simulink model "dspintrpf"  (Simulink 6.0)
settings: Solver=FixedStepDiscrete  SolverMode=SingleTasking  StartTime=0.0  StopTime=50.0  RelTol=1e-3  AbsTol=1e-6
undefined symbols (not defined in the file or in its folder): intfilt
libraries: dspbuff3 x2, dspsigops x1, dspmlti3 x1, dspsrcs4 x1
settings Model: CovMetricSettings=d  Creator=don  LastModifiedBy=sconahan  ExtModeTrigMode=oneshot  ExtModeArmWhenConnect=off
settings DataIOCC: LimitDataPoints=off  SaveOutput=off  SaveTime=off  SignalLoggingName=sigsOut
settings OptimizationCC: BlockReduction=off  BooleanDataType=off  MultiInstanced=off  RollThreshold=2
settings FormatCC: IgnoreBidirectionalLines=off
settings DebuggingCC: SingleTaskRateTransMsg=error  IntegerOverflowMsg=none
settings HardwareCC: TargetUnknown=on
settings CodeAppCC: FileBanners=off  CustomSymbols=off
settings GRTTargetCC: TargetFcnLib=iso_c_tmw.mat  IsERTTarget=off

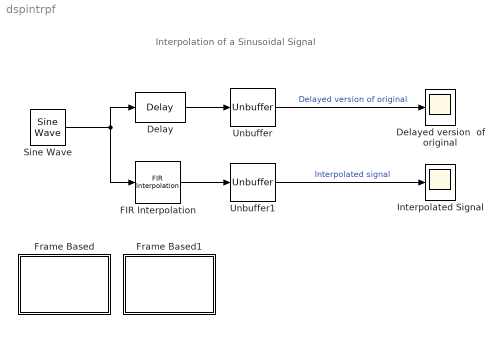
== system dspintrpf ==
  note: Interpolation of a Sinusoidal Signal
  Delay : dspsigops/Delay  dly_unit=Samples  delay=9  ic_detail=on  dif_ic_for_ch=off  dif_ic_for_dly=off  ic=0  reset_popup=None
  Delayed version  of original : Scope
      settings: TickLabels=on  YMin=-1.2  YMax=1.2  DataFormat=Array
  FIR Interpolation : dspmlti3/FIR Interpolation  h=intfilt(9, 9, .5)  L=9  framing=Maintain input frame size  outputBufInitCond=0  roundingMode=Floor  overflowMode=off
  Frame Based : Subsystem
      settings: OpenFcn=dspintrp
      mask Display: disp('Sample-based\nVersion')
  Frame Based1 : Subsystem
      settings: OpenFcn=dspintrpfp
      mask Display: disp('Fixed-point\nVersion')
  Interpolated Signal : Scope
      settings: TickLabels=on  YMin=-1.2  YMax=1.2  DataFormat=Array
  Sine Wave : dspsrcs4/Sine Wave  Amplitude=1  Frequency=0.2  Phase=0.7  SampleMode=Discrete  OutComplex=Real  CompMethod=Trigonometric fcn  TableSize=Speed  SampleTime=1  SamplesPerFrame=32  dataType=double  wordLen=16  udDataType=sfix(16)  fracBitsMode=Best precision  numFracBits=15  ResetState=Restart at time zero
  Unbuffer : dspbuff3/Unbuffer  ic=0
  Unbuffer1 : dspbuff3/Unbuffer  ic=0
  wires:
  Sine Wave/1 -> FIR Interpolation/1, Delay/1
  Delay/1 -> Unbuffer/1
  Unbuffer/1 -> Delayed version  of original/1  "Delayed version of original"
  FIR Interpolation/1 -> Unbuffer1/1
  Unbuffer1/1 -> Interpolated Signal/1  "Interpolated signal"

== system dspintrpf/Frame Based ==

== system dspintrpf/Frame Based1 ==

**Task instructions:** For the string "Display", return every line of the data where it appears.

**Output below:**
      mask Display: disp('Sample-based\nVersion')
      mask Display: disp('Fixed-point\nVersion')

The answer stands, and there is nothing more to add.